Items from a dataset:
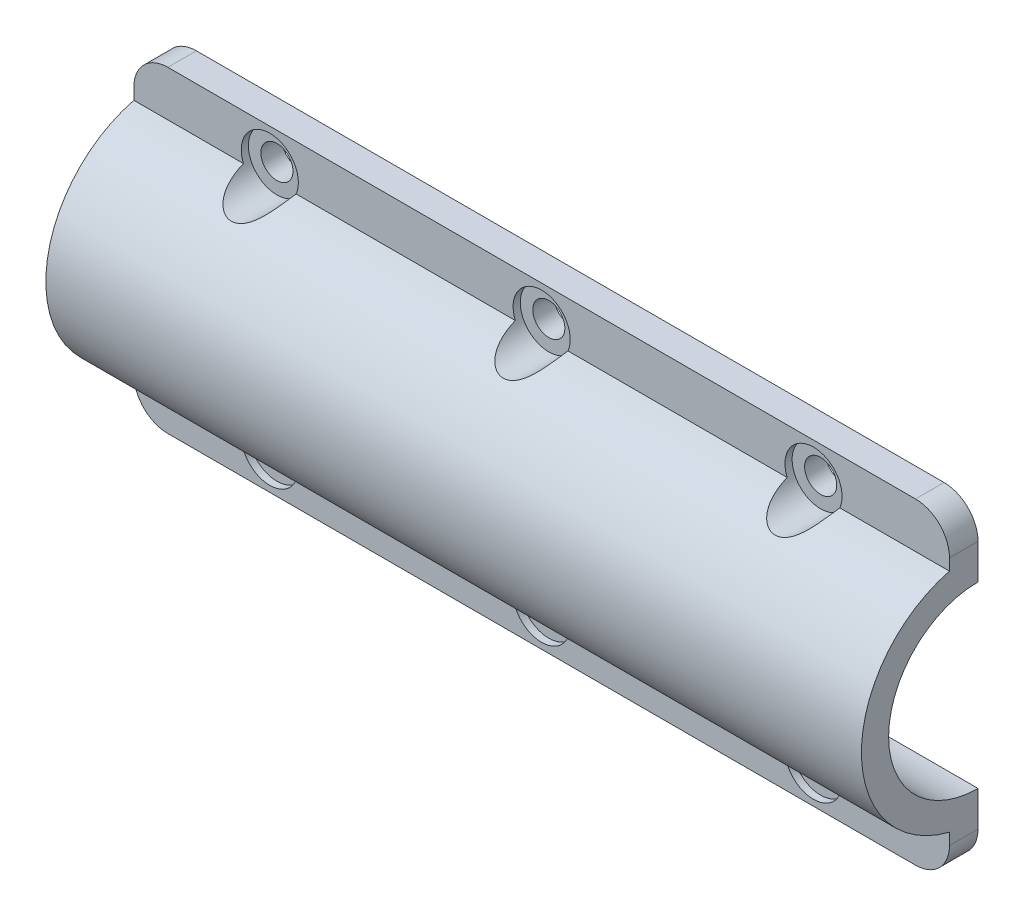
from build123d import *

# Parameters (mm, degrees)
BOSS_EXTRUDE1_DEPTH  = 114.3
CUT_EXTRUDE1_START   = -1
SKETCH2_R            = 4
CUT_EXTRUDE1_DEPTH   = 7.35
M4_CLEARANCE_HOLE1_D = 4.5
FILLET1_R            = 4.7625


with BuildPart() as part:
    # Sketch1 → Boss-Extrude1 (new body)
    with BuildSketch(Plane(origin=(0, 0, 0), x_dir=(0, 0, -1), z_dir=(1, 0, 0))):
        with BuildLine():
            Line((0, 22.225), (-4, 22.225))
            Line((-4, 22.225), (-4, 15.839643355))
            ThreePointArc((-4, 15.839643355), (-2.015394761, 16.212109226), (0, 16.3369))
            Line((0, 16.3369), (0, 17.4625))
            Line((0, 17.4625), (0, 22.225))
        make_face()
        with BuildLine():
            ThreePointArc((0, 16.3369), (-2.015394761, 16.212109226), (-4, 15.839643355))
            ThreePointArc((-4, 15.839643355), (-16.3369, 0), (-4, -15.839643355))
            ThreePointArc((-4, -15.839643355), (-2.015394761, -16.212109226), (0, -16.3369))
            Line((0, -16.3369), (0, -12.5269))
            ThreePointArc((0, -12.5269), (-12.361865073, -2.026700652), (-4, 11.871108778))
            ThreePointArc((-4, 11.871108778), (-2.026700652, 12.361865073), (0, 12.5269))
            Line((0, 12.5269), (0, 16.3369))
        make_face()
        with BuildLine():
            ThreePointArc((0, -16.3369), (-2.015394761, -16.212109226), (-4, -15.839643355))
            Line((-4, -15.839643355), (-4, -22.225))
            Line((-4, -22.225), (0, -22.225))
            Line((0, -22.225), (0, -17.4625))
            Line((0, -17.4625), (0, -16.3369))
        make_face()
    extrude(amount=BOSS_EXTRUDE1_DEPTH)

    # Sketch2 → Cut-Extrude1 (cut)
    with BuildSketch(Plane.XY.offset(4).offset(CUT_EXTRUDE1_START)):
        with Locations(Location((19.05, -17.37595, 0), (0, 0, 157.413569777))):
            Circle(SKETCH2_R)
        with Locations(Location((57.15, -17.37595, 0), (0, 0, 157.413569777))):
            Circle(SKETCH2_R)
        with Locations(Location((95.25, -17.37595, 0), (0, 0, 157.413569777))):
            Circle(SKETCH2_R)
    cut_extrude1 = extrude(amount=CUT_EXTRUDE1_DEPTH, mode=Mode.SUBTRACT)

    # M4 Clearance Hole1 (through all)
    with Locations(Plane.XY.offset(4)):
        with Locations((19.05, -17.37595), (57.15, -17.37595), (95.25, -17.37595)):
            m4_clearance_hole1 = Hole(M4_CLEARANCE_HOLE1_D / 2)

    # Mirror1: Cut-Extrude1, M4 Clearance Hole1 across plane
    add(cut_extrude1.mirror(Plane.ZX), mode=Mode.SUBTRACT)
    add(m4_clearance_hole1.mirror(Plane.ZX), mode=Mode.SUBTRACT)

    # Fillet1
    fillet1_edges = [part.edges().sort_by_distance(p)[0] for p in [
        (0, 22.225, 2),
        (0, -22.225, 2),
        (114.3, -22.225, 2),
        (114.3, 22.225, 2),
    ]]
    fillet(fillet1_edges, radius=FILLET1_R)


solid = part.part

PROMPT:
Exactly the lines from the one containing "Line((-4, -15.839643355), (-4, -22.225))" through the final line above, and only those, should be given again.

THE ANSWER:
            Line((-4, -15.839643355), (-4, -22.225))
            Line((-4, -22.225), (0, -22.225))
            Line((0, -22.225), (0, -17.4625))
            Line((0, -17.4625), (0, -16.3369))
        make_face()
    extrude(amount=BOSS_EXTRUDE1_DEPTH)

    # Sketch2 → Cut-Extrude1 (cut)
    with BuildSketch(Plane.XY.offset(4).offset(CUT_EXTRUDE1_START)):
        with Locations(Location((19.05, -17.37595, 0), (0, 0, 157.413569777))):
            Circle(SKETCH2_R)
        with Locations(Location((57.15, -17.37595, 0), (0, 0, 157.413569777))):
            Circle(SKETCH2_R)
        with Locations(Location((95.25, -17.37595, 0), (0, 0, 157.413569777))):
            Circle(SKETCH2_R)
    cut_extrude1 = extrude(amount=CUT_EXTRUDE1_DEPTH, mode=Mode.SUBTRACT)

    # M4 Clearance Hole1 (through all)
    with Locations(Plane.XY.offset(4)):
        with Locations((19.05, -17.37595), (57.15, -17.37595), (95.25, -17.37595)):
            m4_clearance_hole1 = Hole(M4_CLEARANCE_HOLE1_D / 2)

    # Mirror1: Cut-Extrude1, M4 Clearance Hole1 across plane
    add(cut_extrude1.mirror(Plane.ZX), mode=Mode.SUBTRACT)
    add(m4_clearance_hole1.mirror(Plane.ZX), mode=Mode.SUBTRACT)

    # Fillet1
    fillet1_edges = [part.edges().sort_by_distance(p)[0] for p in [
        (0, 22.225, 2),
        (0, -22.225, 2),
        (114.3, -22.225, 2),
        (114.3, 22.225, 2),
    ]]
    fillet(fillet1_edges, radius=FILLET1_R)


solid = part.part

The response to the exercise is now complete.